Which documents must be presented with an existing Spanish Will?

* Original death certificate.
* Certified copy of the last Will.
* Spanish NIE-number/ Passports copies from the heirs and the deceased and P.O.A. (Power of Attorney )

After you have provided the documents, your lawyer will apply for the last Will certificate and sign on your behalf the Deed of Acceptance of Inheritance at the Notary Office.


Which inheritance tax law applies?

In general, regional inheritance laws apply to residents and the national to non-residents. Depending on the region the laws can vary.

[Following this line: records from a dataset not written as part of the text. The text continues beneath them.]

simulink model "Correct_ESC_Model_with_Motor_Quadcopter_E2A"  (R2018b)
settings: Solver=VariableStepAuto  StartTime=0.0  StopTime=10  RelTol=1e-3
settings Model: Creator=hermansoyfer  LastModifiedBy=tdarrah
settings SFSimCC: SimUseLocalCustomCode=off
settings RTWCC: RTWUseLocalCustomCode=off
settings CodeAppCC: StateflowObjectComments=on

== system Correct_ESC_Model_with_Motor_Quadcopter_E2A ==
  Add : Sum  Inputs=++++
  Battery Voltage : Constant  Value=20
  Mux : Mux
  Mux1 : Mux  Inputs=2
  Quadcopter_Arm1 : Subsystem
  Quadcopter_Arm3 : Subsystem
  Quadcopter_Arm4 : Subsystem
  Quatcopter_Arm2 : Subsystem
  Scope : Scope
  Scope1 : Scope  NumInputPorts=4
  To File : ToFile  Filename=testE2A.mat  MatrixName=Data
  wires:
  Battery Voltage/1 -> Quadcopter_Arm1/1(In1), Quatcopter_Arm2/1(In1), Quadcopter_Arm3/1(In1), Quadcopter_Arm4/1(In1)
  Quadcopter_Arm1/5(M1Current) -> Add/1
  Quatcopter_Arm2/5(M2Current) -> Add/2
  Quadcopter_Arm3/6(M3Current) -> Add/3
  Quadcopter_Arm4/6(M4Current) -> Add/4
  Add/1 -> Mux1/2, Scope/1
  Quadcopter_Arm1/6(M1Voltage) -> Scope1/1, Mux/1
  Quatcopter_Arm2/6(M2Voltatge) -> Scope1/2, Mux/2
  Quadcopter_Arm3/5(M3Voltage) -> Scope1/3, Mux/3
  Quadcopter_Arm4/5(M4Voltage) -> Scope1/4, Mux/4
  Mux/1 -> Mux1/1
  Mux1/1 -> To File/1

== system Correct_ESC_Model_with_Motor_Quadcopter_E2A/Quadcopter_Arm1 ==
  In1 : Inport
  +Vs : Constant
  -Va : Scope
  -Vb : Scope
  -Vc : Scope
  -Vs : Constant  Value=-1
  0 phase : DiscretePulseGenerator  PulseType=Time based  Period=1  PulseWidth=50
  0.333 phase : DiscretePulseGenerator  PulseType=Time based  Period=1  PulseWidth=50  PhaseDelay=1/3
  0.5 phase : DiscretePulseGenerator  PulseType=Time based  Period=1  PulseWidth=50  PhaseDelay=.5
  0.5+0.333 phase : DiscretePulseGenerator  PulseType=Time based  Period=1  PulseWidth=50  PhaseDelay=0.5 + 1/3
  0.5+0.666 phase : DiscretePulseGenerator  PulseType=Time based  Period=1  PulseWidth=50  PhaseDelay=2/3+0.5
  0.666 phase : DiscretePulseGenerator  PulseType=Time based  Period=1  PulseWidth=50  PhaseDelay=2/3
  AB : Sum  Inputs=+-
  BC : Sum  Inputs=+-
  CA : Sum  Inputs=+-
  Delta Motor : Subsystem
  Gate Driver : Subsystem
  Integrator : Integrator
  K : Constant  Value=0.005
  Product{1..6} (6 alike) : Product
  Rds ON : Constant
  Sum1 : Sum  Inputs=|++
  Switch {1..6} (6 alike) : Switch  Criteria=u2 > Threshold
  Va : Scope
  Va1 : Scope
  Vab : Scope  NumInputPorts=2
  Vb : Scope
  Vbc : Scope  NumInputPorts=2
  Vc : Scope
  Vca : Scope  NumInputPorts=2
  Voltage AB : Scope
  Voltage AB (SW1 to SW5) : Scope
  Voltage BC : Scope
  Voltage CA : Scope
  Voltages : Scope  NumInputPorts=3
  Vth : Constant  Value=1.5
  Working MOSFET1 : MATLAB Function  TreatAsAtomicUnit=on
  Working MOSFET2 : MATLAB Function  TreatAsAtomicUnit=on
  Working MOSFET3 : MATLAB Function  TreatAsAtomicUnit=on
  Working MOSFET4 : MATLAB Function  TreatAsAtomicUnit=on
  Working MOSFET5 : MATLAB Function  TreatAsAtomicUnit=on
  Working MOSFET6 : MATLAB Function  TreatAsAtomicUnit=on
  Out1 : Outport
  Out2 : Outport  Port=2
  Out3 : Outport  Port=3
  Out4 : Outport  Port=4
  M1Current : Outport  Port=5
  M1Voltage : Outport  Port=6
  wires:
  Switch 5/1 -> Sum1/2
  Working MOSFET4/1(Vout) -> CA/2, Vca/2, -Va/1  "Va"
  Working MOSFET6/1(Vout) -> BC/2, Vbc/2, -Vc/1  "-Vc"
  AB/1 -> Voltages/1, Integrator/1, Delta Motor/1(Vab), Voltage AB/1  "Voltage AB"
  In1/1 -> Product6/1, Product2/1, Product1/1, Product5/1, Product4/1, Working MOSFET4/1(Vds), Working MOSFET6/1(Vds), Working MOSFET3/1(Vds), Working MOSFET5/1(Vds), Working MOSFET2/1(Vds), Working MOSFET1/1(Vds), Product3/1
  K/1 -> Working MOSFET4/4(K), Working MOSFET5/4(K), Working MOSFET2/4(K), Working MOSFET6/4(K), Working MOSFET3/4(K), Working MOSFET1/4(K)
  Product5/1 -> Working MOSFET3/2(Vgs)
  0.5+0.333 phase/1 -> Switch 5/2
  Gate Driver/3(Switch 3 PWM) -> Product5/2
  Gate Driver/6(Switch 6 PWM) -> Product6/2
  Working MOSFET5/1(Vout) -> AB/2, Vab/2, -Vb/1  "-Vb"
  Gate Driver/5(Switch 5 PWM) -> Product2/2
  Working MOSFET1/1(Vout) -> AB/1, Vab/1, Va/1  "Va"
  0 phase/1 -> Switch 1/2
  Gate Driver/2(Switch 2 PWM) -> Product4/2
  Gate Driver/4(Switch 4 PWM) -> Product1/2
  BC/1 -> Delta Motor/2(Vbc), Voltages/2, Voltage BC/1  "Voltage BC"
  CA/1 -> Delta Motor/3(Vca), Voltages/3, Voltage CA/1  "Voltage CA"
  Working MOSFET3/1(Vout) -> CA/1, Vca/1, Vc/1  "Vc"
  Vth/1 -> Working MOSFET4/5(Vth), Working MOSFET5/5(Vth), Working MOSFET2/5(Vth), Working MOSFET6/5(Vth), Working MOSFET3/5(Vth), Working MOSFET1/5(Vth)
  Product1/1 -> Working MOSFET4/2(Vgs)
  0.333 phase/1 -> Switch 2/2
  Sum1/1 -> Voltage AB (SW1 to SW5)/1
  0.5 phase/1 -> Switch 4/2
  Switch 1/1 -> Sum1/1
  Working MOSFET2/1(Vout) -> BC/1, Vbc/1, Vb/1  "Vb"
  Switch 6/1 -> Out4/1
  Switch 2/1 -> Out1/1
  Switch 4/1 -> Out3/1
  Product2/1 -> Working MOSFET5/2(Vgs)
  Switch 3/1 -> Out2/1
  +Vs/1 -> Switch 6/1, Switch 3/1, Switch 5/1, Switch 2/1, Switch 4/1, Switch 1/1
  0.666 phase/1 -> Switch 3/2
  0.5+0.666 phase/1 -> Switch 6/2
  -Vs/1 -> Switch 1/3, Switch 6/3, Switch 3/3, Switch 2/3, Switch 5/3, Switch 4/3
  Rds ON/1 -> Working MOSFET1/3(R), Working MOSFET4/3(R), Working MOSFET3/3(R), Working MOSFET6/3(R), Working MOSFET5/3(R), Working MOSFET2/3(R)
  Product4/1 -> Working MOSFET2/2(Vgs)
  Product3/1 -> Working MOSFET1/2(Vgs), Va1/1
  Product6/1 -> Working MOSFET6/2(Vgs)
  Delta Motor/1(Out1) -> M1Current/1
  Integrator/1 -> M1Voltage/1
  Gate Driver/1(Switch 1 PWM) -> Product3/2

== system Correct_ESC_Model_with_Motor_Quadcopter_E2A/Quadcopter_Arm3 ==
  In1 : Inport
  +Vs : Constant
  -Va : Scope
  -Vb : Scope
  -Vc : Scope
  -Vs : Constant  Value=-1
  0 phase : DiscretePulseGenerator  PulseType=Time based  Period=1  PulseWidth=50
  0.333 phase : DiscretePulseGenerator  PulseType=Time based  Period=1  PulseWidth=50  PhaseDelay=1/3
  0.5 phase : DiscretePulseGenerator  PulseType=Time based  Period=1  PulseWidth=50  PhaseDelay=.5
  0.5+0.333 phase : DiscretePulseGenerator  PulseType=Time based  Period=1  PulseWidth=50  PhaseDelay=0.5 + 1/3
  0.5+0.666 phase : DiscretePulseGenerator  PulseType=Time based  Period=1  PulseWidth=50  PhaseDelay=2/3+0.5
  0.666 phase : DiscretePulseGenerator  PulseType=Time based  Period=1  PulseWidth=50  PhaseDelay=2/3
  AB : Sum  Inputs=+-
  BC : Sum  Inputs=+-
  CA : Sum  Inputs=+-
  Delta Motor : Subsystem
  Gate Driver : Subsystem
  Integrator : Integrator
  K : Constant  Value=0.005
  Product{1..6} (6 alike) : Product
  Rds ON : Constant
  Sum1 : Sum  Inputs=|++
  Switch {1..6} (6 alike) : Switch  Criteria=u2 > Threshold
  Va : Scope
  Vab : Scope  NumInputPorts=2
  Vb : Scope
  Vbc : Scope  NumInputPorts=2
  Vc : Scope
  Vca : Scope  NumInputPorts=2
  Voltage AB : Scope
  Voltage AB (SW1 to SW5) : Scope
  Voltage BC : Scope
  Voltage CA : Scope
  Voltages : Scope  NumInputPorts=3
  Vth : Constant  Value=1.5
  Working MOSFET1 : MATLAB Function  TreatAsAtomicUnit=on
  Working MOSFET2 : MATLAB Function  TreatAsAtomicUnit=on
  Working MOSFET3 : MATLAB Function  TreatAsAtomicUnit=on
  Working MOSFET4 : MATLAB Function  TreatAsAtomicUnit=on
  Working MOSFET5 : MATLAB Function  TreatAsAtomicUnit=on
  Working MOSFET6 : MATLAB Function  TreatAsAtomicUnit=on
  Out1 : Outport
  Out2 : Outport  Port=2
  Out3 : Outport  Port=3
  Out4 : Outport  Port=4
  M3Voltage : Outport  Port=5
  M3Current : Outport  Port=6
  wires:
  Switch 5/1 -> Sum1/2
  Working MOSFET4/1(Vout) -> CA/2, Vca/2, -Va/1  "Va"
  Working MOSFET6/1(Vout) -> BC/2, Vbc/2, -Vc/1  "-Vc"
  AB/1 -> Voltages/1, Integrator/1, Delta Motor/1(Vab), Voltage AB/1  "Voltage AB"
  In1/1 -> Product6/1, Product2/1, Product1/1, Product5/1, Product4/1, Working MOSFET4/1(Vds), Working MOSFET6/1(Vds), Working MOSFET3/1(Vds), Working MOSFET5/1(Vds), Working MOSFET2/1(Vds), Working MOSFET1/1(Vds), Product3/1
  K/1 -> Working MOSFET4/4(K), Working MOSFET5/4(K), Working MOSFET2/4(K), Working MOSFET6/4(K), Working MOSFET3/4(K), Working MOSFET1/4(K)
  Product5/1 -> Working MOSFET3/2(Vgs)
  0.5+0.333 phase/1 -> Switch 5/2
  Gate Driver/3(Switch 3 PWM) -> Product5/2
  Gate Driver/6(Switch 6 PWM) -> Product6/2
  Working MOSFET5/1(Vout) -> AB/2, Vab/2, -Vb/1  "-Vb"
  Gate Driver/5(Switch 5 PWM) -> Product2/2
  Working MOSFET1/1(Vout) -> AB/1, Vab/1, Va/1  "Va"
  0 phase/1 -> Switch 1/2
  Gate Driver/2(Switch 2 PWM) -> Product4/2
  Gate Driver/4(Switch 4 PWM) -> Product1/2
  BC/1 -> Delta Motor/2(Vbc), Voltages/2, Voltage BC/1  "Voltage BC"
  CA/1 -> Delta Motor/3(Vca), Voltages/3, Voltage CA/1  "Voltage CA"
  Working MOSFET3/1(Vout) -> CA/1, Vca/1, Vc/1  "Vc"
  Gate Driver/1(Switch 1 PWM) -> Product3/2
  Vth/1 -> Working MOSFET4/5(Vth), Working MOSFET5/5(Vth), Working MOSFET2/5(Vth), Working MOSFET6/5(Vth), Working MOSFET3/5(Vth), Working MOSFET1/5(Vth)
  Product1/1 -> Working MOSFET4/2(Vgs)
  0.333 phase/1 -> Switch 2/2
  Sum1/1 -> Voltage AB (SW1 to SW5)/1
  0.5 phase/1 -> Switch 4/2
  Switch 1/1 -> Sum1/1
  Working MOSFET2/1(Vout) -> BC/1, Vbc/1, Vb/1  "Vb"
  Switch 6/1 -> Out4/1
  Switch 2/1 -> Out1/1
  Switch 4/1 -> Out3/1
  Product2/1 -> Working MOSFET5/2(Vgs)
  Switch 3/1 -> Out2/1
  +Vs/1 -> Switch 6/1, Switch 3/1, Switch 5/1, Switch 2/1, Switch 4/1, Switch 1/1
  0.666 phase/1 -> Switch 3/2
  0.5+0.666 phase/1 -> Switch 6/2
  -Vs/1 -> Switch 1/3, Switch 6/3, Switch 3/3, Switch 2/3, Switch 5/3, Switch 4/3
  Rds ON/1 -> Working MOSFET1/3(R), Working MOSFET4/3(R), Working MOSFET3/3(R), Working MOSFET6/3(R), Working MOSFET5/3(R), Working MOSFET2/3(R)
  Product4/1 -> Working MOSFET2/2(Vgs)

I.e. Andalusia: The Junta de Andalucía approved a new reduction on inheritance taxes a couple of months ago. This rebate will benefit groups I (children under 21 years old) and II (children over 21 years old, spouses, inscribed civil partnership, grandchildren, grandparents and parents. For other relatives (group III) like brothers, nephews, uncles and aunts the reductions stay the same (7,993.46 Euros per beneficiary). Group IV: Cousins), and other more distant relatives, and Non-registered civil partnerships have no rebates.
The above-mentioned rebates are only applicable to beneficiaries of group I and II providing that the heirs are residents in a country in the European Economic Area and the largest number of assets of the deceased (highest combined value) are in Andalusia.
Any Non-EEA-resident heir will be subject to the State tax regulations.

The heirs have a period of 6 months to pay the inheritance tax from the date of the death. An extension of another 6 months can be applied for during the first 5 months after that date.
After this period the Tax Administration will imply penalty fees which can range from 5 to 20%.

With no Will existing in Spain, the inheritor must have prepared within six months all documents to be presented and to have them translated, certified by a Notary and apostilled – a procedure which mostly need more than 6 months.